葛蘭眯起眼睛向前方看去。河面還是那麼狹窄昏暗,可是再往前看,他們發現樹林沒有了,取而代之的是一片明亮的陽光,還可以聽到遠處傳來一陣嘩嘩的水聲。河流好像在前面突然奇怪地消失了……

橡皮筏更快、更匆忙地向前衝去。

葛蘭抓起了槳。

「那是什麼?」

「是瀑布。」葛蘭回答道。

皮筏離開昏暗的樹枝形成的天然隧道,一下子來到耀眼的陽光下,隨著急流飛快地向瀑布衝去。瀑布的嘩嘩聲震耳欲聾。葛蘭使出渾身的力氣划著漿,可是皮筏只是轉著圈,它還是毫無阻擋似地衝向瀑布。

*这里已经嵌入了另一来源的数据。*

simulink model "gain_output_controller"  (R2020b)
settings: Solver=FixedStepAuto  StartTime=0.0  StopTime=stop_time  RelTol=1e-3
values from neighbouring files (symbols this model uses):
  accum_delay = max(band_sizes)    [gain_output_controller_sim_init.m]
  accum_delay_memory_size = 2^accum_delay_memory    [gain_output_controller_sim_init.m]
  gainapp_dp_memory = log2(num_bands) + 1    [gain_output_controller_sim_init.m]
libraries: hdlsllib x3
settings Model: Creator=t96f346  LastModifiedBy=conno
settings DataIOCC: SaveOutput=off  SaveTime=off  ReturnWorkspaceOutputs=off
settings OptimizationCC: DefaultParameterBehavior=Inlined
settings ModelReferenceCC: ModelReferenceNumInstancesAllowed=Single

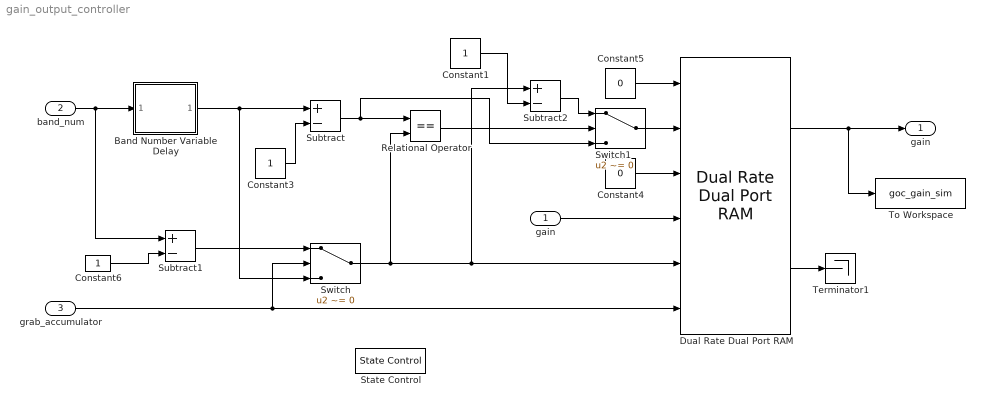
== system gain_output_controller ==
  gain : Inport  OutDataTypeStr=gain_coeff_type  PortDimensions=[1 1]
  band_num : Inport  Port=2  OutDataTypeStr=uint8  PortDimensions=1
  grab_accumulator : Inport  Port=3  OutDataTypeStr=boolean  PortDimensions=1
  Band Number Variable Delay : Subsystem
  Constant1 : Constant  OutDataTypeStr=uint8  SampleTime=-1
  Constant3 : Constant  OutDataTypeStr=uint8  SampleTime=-1
  Constant4 : Constant  Value=0  OutDataTypeStr=boolean  SampleTime=-1
  Constant5 : Constant  Value=0  OutDataTypeStr=fixdt(1,16,8)  SampleTime=-1
  Constant6 : Constant  OutDataTypeStr=Inherit: Inherit via back propagation  SampleTime=-1
  Dual Rate Dual Port RAM : hdlsllib/HDL RAMs/Dual Rate Dual Port RAM  ram_size=gainapp_dp_memory
      settings: SourceProductBaseCode=SL
  Relational Operator : RelationalOperator  Operator===  OutDataTypeStr=boolean  RndMeth=Nearest
  State Control : StateControl  StateControl=Synchronous
  Subtract : Sum  Inputs=+-  OutMin=[0]  OutMax=[2^gainapp_dp_memory-1]  OutDataTypeStr=fixdt(0,gainapp_dp_memory)
  Subtract1 : Sum  Inputs=+-  OutMin=[0]  OutMax=[2^gainapp_dp_memory-1]  OutDataTypeStr=fixdt(0,gainapp_dp_memory)
  Subtract2 : Sum  Inputs=+-  OutMin=[0]  OutMax=[2^gainapp_dp_memory-1]  OutDataTypeStr=fixdt(0,gainapp_dp_memory)
  Switch : Switch  Criteria=u2 ~= 0  OutMin=[0]  OutMax=[2^gainapp_dp_memory-1]  OutDataTypeStr=fixdt(0,gainapp_dp_memory)
  Switch1 : Switch  Criteria=u2 ~= 0
  Terminator1 : Terminator
  To Workspace : ToWorkspace  VariableName=goc_gain_sim  SampleTime=-1
  "gain " : Outport  PortDimensions=1
  wires:
  Subtract2/1 -> Switch1/1
  Relational Operator/1 -> Switch1/2
  Subtract/1 -> Switch1/3, Relational Operator/1
  Constant1/1 -> Subtract2/2
  Switch1/1 -> Dual Rate Dual Port RAM/2
  Switch/1 -> Relational Operator/2, Dual Rate Dual Port RAM/5, Subtract2/1
  band_num/1 -> Band Number Variable Delay/1(data_in), Subtract1/1
  gain/1 -> Dual Rate Dual Port RAM/4
  Dual Rate Dual Port RAM/2 -> Terminator1/1
  Band Number Variable Delay/1(rd_dout) -> Switch/3, Subtract/1
  Subtract1/1 -> Switch/1
  grab_accumulator/1 -> Dual Rate Dual Port RAM/6, Switch/2
  Constant4/1 -> Dual Rate Dual Port RAM/3
  Constant3/1 -> Subtract/2
  Constant6/1 -> Subtract1/2
  Constant5/1 -> Dual Rate Dual Port RAM/1
  Dual Rate Dual Port RAM/1 -> To Workspace/1, "gain "/1

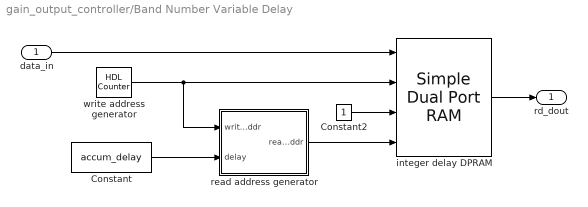
== system gain_output_controller/Band Number Variable Delay ==
  data_in : Inport
  Constant : Constant  Value=accum_delay  OutDataTypeStr=uint8  SampleTime=-1
  Constant2 : Constant  OutDataTypeStr=Inherit: Inherit via back propagation  SampleTime=-1
  integer delay DPRAM : hdlsllib/HDL RAMs/Simple Dual Port RAM  ram_size=accum_delay_memory
      settings: SourceProductBaseCode=SL
  read address generator : Subsystem
  write address generator : hdlsllib/Sources/HDL Counter  CountType=Count limited  CountInit=0  CountStep=1  CountMax=accum_delay_memory_size-1  CountFromType=Initial value  CountFrom=0  CountResetPort=off  CountLoadPort=off  CountEnbPort=off  CountDirPort=off  CountDataType=Unsigned  CountWordLen=accum_delay_memory  CountFracLen=0  CountSampTime=-1
  rd_dout : Outport
  wires:
  Constant2/1 -> integer delay DPRAM/3
  write address generator/1 -> integer delay DPRAM/2, read address generator/1(write_addr)
  integer delay DPRAM/1 -> rd_dout/1
  Constant/1 -> read address generator/2(delay)
  data_in/1 -> integer delay DPRAM/1
  read address generator/1(read_addr) -> integer delay DPRAM/4

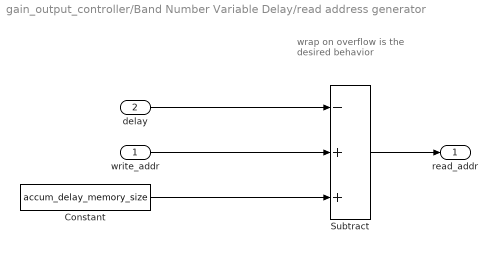
== system gain_output_controller/Band Number Variable Delay/read address generator ==
  note: wrap on overflow is the desired behavior
  write_addr : Inport
  delay : Inport  Port=2
  Constant : Constant  Value=accum_delay_memory_size  OutDataTypeStr=uint8  SampleTime=-1
  Subtract : Sum  Inputs=-++  OutDataTypeStr=Inherit: Inherit via back propagation
  read_addr : Outport  VectorParamsAs1DForOutWhenUnconnected=off
  wires:
  Subtract/1 -> read_addr/1
  write_addr/1 -> Subtract/2
  delay/1 -> Subtract/1
  Constant/1 -> Subtract/3

莉絲向他算來。「我不會游泳!」葛蘭看到她的救生衣沒有扣緊,可是他對此無能為力;皮筏以令人驚恐的速度把他們送到瀑布的邊緣,瀑布的響聲好像充斥了整個天際似地。葛蘭把槳豎著深深地插進水裡,他感到槳碰到了河床,便使勁地頂住;橡皮筏在激流中顫動,但它沒有被傾覆。葛蘭竭力把著槳。他從瀑布邊上望去,看到水流自五十英尺垂直落下,衝進下面波濤洶湧的水潭裡。

而站在那裡等待著他們的竟是那隻霸王龍。

莉絲驚恐萬分地尖叫起來,然後皮筏發瘋似地旋轉著,尾部被甩得脫落了,他們被摔向天空,進入了咆哮的瀑布中,他們感到一陣噁心,胃好像都快翻過來似地。葛蘭在空中不停地揮動著雙臂,四周一下子變成一片寂靜。葛蘭感到時間似乎已經過了好幾分鐘了;他記得他看到莉絲用手抓著橘紅色的救生衣和他一塊往下跌;他記得他看到丁姆雙眼看著下面;他記得他看到那片密不透風的白花花的瀑布;他還記得他慢慢地無聲地掉下去時看到了下面波濤洶湧的水潭。

然後,隨著啪地一聲,葛蘭覺得一陣疼痛,他鑽進了冰冷的水裡,立即被翻騰的白色水花包圍了。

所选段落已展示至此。